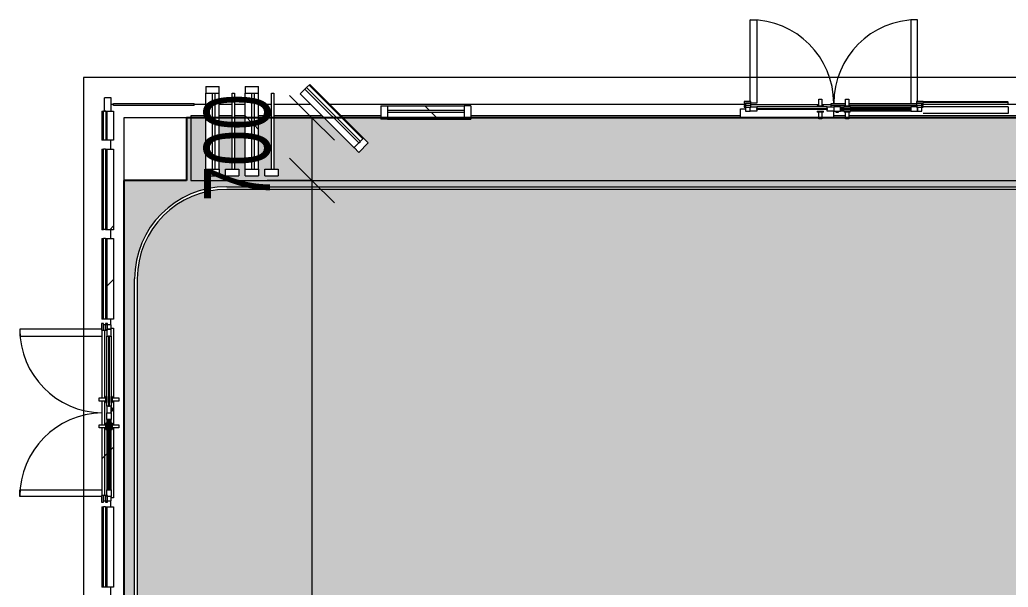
# Model space of a CAD drawing. Header units: millimetres. Extents: x 35540 to 832230, y -10956 to 416550.
# Drawn here: x 62126 to 73174, y 46757 to 53105 of the extents above; entities that cross this region are included whole.
import ezdxf

# ---------------------------------------------------------------- set-up
doc = ezdxf.new("R2010")
doc.units = ezdxf.units.MM
for name, color, linetype, lineweight in [('A-ANNO-DIMS', 211, 'Continuous', 5), ('A-ANNO-DIMS-500', 211, 'Continuous', 5), ('A-AREA-BNDY', 1, 'Continuous', 18), ('A-AREA-PATT', 32, 'Continuous', 5), ('A-DOOR', 31, 'Continuous', 5), ('A-DOOR-FRAM', 31, 'Continuous', 15), ('A-FLOR', 192, 'Continuous', 5), ('A-GLAZ-CURT', 52, 'Continuous', 5), ('A-GLAZ-CWMG', 51, 'Continuous', 5), ('A-WALL', 113, 'Continuous', 5), ('S-COLS', 52, 'Continuous', 5)]:
    doc.layers.add(name, color=color, linetype=linetype, lineweight=lineweight)
doc.styles.add('Arial', font='arial.ttf', dxfattribs={"width": 0.7, "height": 737.649701})
doc.dimstyles.new('Linear_-_1_5mm_Arial', dxfattribs={"dimscale": 304.8, "dimtxt": 750, "dimasz": 1.64042, "dimexe": 1.64042, "dimexo": 0.0625, "dimgap": 0.82021, "dimtad": 1, "dimdec": 0, "dimzin": 0, "dimdsep": 46, "dimtxsty": 'Arial', "dimblk1": 'OBLIQUE', "dimblk2": 'OBLIQUE', "dimsah": 1, "dimcen": 0.09, "dimadec": 0, "dimazin": 0, "dimtfac": 1, "dimtdec": 4, "dimtix": 1, "dimtmove": 0, "dimatfit": 3, "dimfxl": 1.64042, "dimfxlon": 1, "dimtvp": 1, "dimtolj": 1, "dimtzin": 0, "dimarcsym": 2})
pattern_1 = [(45, (0, 0), (-1237.437, 1237.437), []), (45, (0, 1875), (-1237.437, 1237.437), [])]
pattern_2 = [(135, (0, 0), (-530.33, -530.33), [])]

# ---------------------------------------------------------------- blocks, each defined once
blk = doc.blocks.new('System Panel - Glazed-11282542-G_F U_F_A_')
at = {"layer": 'A-GLAZ-CURT'}
for p, q in [((-32, -50), (25, -50)), ((-32, -150), (-32, -50)), ((1010, -150), (1010, -75)), ((843, -150), (-32, -150)), ((1010, -150), (878, -150))]:
    blk.add_line(p, q, dxfattribs=at)
blk = doc.blocks.new('System Panel - _DLN__12_12mm laminated clear glass 3-11282543-G_F U_F_A_')
at = {"layer": 'A-GLAZ-CURT'}
for p, q in [((-475, 25), (475, 25)), ((-475, 0), (-475, 13)), ((475, 0), (-475, 0)), ((475, 0), (475, 25))]:
    blk.add_line(p, q, dxfattribs=at)
blk = doc.blocks.new('Rectangular Mullion - DLN_FRAME-11282482-G_F U_F_A_')
at = {"layer": 'A-GLAZ-CWMG'}
for p, q in [((73174, 52187), (72224, 52187)), ((73174, 52130), (72224, 52130)), ((73174, 52057), (72224, 52057)), ((73174, 52130), (73174, 52057))]:
    blk.add_line(p, q, dxfattribs=at)
blk = doc.blocks.new('Rectangular Mullion - DLN_75 x 150mm _WD_-STUR_ OPENING Corten-14016861-G_F U_F_A_')
at = {"layer": 'A-GLAZ-CWMG'}
for p, q in [((0, 75), (-75, 75)), ((-75, 75), (-75, -75)), ((0, 75), (0, -75)), ((-75, -75), (0, -75))]:
    blk.add_line(p, q, dxfattribs=at)
blk = doc.blocks.new('System Panel - _DLN__12_12mm laminated clear glass-12865628-G_F U_F_A_')
at = {"layer": 'A-GLAZ-CURT'}
for p, q in [((-450, 12.5), (450, 12.5)), ((-450, -12.5), (-450, 12.5)), ((450, -12.5), (450, 12.5)), ((450, -12.5), (-450, -12.5))]:
    blk.add_line(p, q, dxfattribs=at)
blk = doc.blocks.new('System Panel - _DLN__12_12mm laminated clear glass-12865629-G_F U_F_A_')
at = {"layer": 'A-GLAZ-CURT'}
for p, q in [((-162, 12), (162, 12)), ((-162, -13), (-162, 12)), ((162, -13), (162, 12)), ((162, -13), (-162, -13))]:
    blk.add_line(p, q, dxfattribs=at)
blk = doc.blocks.new('Rectangular Mullion - DLN_FRAME Corten-13948621-G_F U_F_A_')
at = {"layer": 'A-GLAZ-CWMG'}
h = blk.add_hatch(dxfattribs=at)
h.set_pattern_fill('FP_7', color=256, style=0, pattern_type=2)
h.set_pattern_definition(pattern_1)
h.paths.add_polyline_path([(63044, 46757), (63061, 46757), (63061, 47657), (63044, 47657), (63044, 47534)], flags=0)
h = blk.add_hatch(dxfattribs=at)
h.set_pattern_fill('FP_7', color=256, style=0, pattern_type=2)
h.set_pattern_definition(pattern_1)
h.paths.add_polyline_path([(63101, 46757), (63101, 47657), (63086, 47657), (63086, 46757)], flags=0)
h = blk.add_hatch(dxfattribs=at)
h.set_pattern_fill('FP_7', color=256, style=0, pattern_type=2)
h.set_pattern_definition(pattern_1)
h.paths.add_polyline_path([(63174, 46757), (63174, 47657), (63101, 47657), (63101, 46757), (63139, 46757)], flags=0)
for p, q in [((63044, 47657), (63061, 47657)), ((63044, 47657), (63044, 46757)), ((63086, 47657), (63101, 47657)), ((63101, 47657), (63174, 47657)), ((63101, 47657), (63101, 46757)), ((63174, 47657), (63174, 46757)), ((63061, 46757), (63044, 46757)), ((63101, 46757), (63086, 46757)), ((63174, 46757), (63101, 46757))]:
    blk.add_line(p, q, dxfattribs=at)
blk = doc.blocks.new('Rectangular Mullion - DLN_FRAME Corten-13948633-G_F U_F_A_')
at = {"layer": 'A-GLAZ-CWMG'}
h = blk.add_hatch(dxfattribs=at)
h.set_pattern_fill('FP_7', color=256, style=0, pattern_type=2)
h.set_pattern_definition(pattern_1)
h.paths.add_polyline_path([(63044, 47782), (63074, 47782), (63074, 48540), (63044, 48540)], flags=0)
h.paths.add_polyline_path([(63044, 48575), (63074, 48575), (63074, 48840), (63044, 48840)], flags=0)
h.paths.add_polyline_path([(63044, 48875), (63074, 48875), (63074, 49632), (63044, 49628), (63044, 49605)], flags=0)
h = blk.add_hatch(dxfattribs=at)
h.set_pattern_fill('FP_7', color=256, style=0, pattern_type=2)
h.set_pattern_definition(pattern_1)
h.paths.add_polyline_path([(63089, 47782), (63099, 47782), (63099, 48522), (63089, 48522), (63089, 48540), (63074, 48540), (63074, 47782), (63086, 47782)], flags=0)
h.paths.add_polyline_path([(63074, 48575), (63089, 48575), (63089, 48592), (63099, 48592), (63099, 48822), (63089, 48822), (63089, 48840), (63074, 48840), (63074, 48592)], flags=0)
h.paths.add_polyline_path([(63089, 48875), (63089, 48892), (63099, 48892), (63099, 49632), (63074, 49632), (63074, 48875)], flags=0)
h = blk.add_hatch(dxfattribs=at)
h.set_pattern_fill('FP_7', color=256, style=0, pattern_type=2)
h.set_pattern_definition(pattern_1)
h.paths.add_polyline_path([(63174, 47757), (63174, 48540), (63159, 48540), (63159, 48522), (63149, 48522), (63149, 47757)], flags=0)
h.paths.add_polyline_path([(63174, 48575), (63174, 48840), (63159, 48840), (63159, 48822), (63149, 48822), (63149, 48592), (63159, 48592), (63159, 48575)], flags=0)
h.paths.add_polyline_path([(63174, 48875), (63174, 49657), (63149, 49657), (63149, 48892), (63159, 48892), (63159, 48875)], flags=0)
for p, q in [((63044, 49632), (63044, 48875)), ((63074, 49632), (63074, 48875)), ((63149, 49657), (63174, 49657)), ((63174, 49657), (63174, 48875)), ((63044, 48840), (63044, 48575)), ((63074, 48840), (63074, 48575)), ((63174, 48840), (63174, 48575)), ((63044, 48540), (63044, 47782)), ((63074, 48540), (63074, 47782)), ((63174, 48540), (63174, 47757)), ((63174, 47757), (63149, 47757))]:
    blk.add_line(p, q, dxfattribs=at)
blk = doc.blocks.new('Rectangular Mullion - DLN_FRAME Corten-V8-G_F U_F_A_')
at = {"layer": 'A-GLAZ-CWMG'}
h = blk.add_hatch(dxfattribs=at)
h.set_pattern_fill('FP_7', color=256, style=0, pattern_type=2)
h.set_pattern_definition(pattern_1)
h.paths.add_polyline_path([(63061, 49757), (63061, 50657), (63044, 50657), (63044, 49757)], flags=0)
h = blk.add_hatch(dxfattribs=at)
h.set_pattern_fill('FP_7', color=256, style=0, pattern_type=2)
h.set_pattern_definition(pattern_1)
h.paths.add_polyline_path([(63086, 49757), (63101, 49757), (63101, 50657), (63086, 50657), (63086, 50641)], flags=0)
h = blk.add_hatch(dxfattribs=at)
h.set_pattern_fill('FP_7', color=256, style=0, pattern_type=2)
h.set_pattern_definition(pattern_1)
h.paths.add_polyline_path([(63174, 49757), (63174, 50657), (63101, 50657), (63101, 49757), (63139, 49757)], flags=0)
for p, q in [((63044, 50657), (63061, 50657)), ((63044, 50657), (63044, 49757)), ((63086, 50657), (63101, 50657)), ((63101, 50657), (63174, 50657)), ((63101, 50657), (63101, 49757)), ((63174, 50657), (63174, 49757)), ((63061, 49757), (63044, 49757)), ((63101, 49757), (63086, 49757)), ((63174, 49757), (63101, 49757))]:
    blk.add_line(p, q, dxfattribs=at)
blk = doc.blocks.new('Rectangular Mullion - DLN_FRAME Corten-13948634-G_F U_F_A_')
at = {"layer": 'A-GLAZ-CWMG'}
for p, q in [((63044, 52082), (63061, 52082)), ((63044, 52082), (63044, 51757)), ((63101, 52082), (63101, 51757)), ((63149, 52082), (63174, 52082)), ((63174, 52082), (63174, 51757)), ((63061, 51757), (63044, 51757)), ((63101, 51757), (63086, 51757)), ((63174, 51757), (63101, 51757))]:
    blk.add_line(p, q, dxfattribs=at)
blk = doc.blocks.new('System Panel - _DLN__12_12mm laminated clear glass-11282747-G_F U_F_A_')
at = {"layer": 'A-GLAZ-CURT'}
for p, q in [((-490, 12), (410, 12)), ((-490, -12), (-490, 12)), ((410, -12), (410, 12)), ((410, -12), (-490, -12))]:
    blk.add_line(p, q, dxfattribs=at)
blk = doc.blocks.new('System Panel - _DLN__12_12mm laminated clear glass 2-12865648-G_F U_F_A_')
at = {"layer": 'A-GLAZ-CURT'}
for p, q in [((100, 0), (858, 0)), ((893, 0), (995, 0)), ((995, -25), (995, 0)), ((840, -25), (165, -25)), ((950, -25), (910, -25))]:
    blk.add_line(p, q, dxfattribs=at)
blk = doc.blocks.new('System Panel - _DLN__12_12mm laminated clear glass-12865647-G_F U_F_A_')
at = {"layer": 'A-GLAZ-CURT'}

_Your goal_
Above are the entries. Output exactly the lines beginning with the line that has "import ezdxf" and ending with the line that has "pattern_2 = [(135, (0, 0), (-530.33, -530.33), [])]".

_Result_
import ezdxf

# ---------------------------------------------------------------- set-up
doc = ezdxf.new("R2010")
doc.units = ezdxf.units.MM
for name, color, linetype, lineweight in [('A-ANNO-DIMS', 211, 'Continuous', 5), ('A-ANNO-DIMS-500', 211, 'Continuous', 5), ('A-AREA-BNDY', 1, 'Continuous', 18), ('A-AREA-PATT', 32, 'Continuous', 5), ('A-DOOR', 31, 'Continuous', 5), ('A-DOOR-FRAM', 31, 'Continuous', 15), ('A-FLOR', 192, 'Continuous', 5), ('A-GLAZ-CURT', 52, 'Continuous', 5), ('A-GLAZ-CWMG', 51, 'Continuous', 5), ('A-WALL', 113, 'Continuous', 5), ('S-COLS', 52, 'Continuous', 5)]:
    doc.layers.add(name, color=color, linetype=linetype, lineweight=lineweight)
doc.styles.add('Arial', font='arial.ttf', dxfattribs={"width": 0.7, "height": 737.649701})
doc.dimstyles.new('Linear_-_1_5mm_Arial', dxfattribs={"dimscale": 304.8, "dimtxt": 750, "dimasz": 1.64042, "dimexe": 1.64042, "dimexo": 0.0625, "dimgap": 0.82021, "dimtad": 1, "dimdec": 0, "dimzin": 0, "dimdsep": 46, "dimtxsty": 'Arial', "dimblk1": 'OBLIQUE', "dimblk2": 'OBLIQUE', "dimsah": 1, "dimcen": 0.09, "dimadec": 0, "dimazin": 0, "dimtfac": 1, "dimtdec": 4, "dimtix": 1, "dimtmove": 0, "dimatfit": 3, "dimfxl": 1.64042, "dimfxlon": 1, "dimtvp": 1, "dimtolj": 1, "dimtzin": 0, "dimarcsym": 2})
pattern_1 = [(45, (0, 0), (-1237.437, 1237.437), []), (45, (0, 1875), (-1237.437, 1237.437), [])]
pattern_2 = [(135, (0, 0), (-530.33, -530.33), [])]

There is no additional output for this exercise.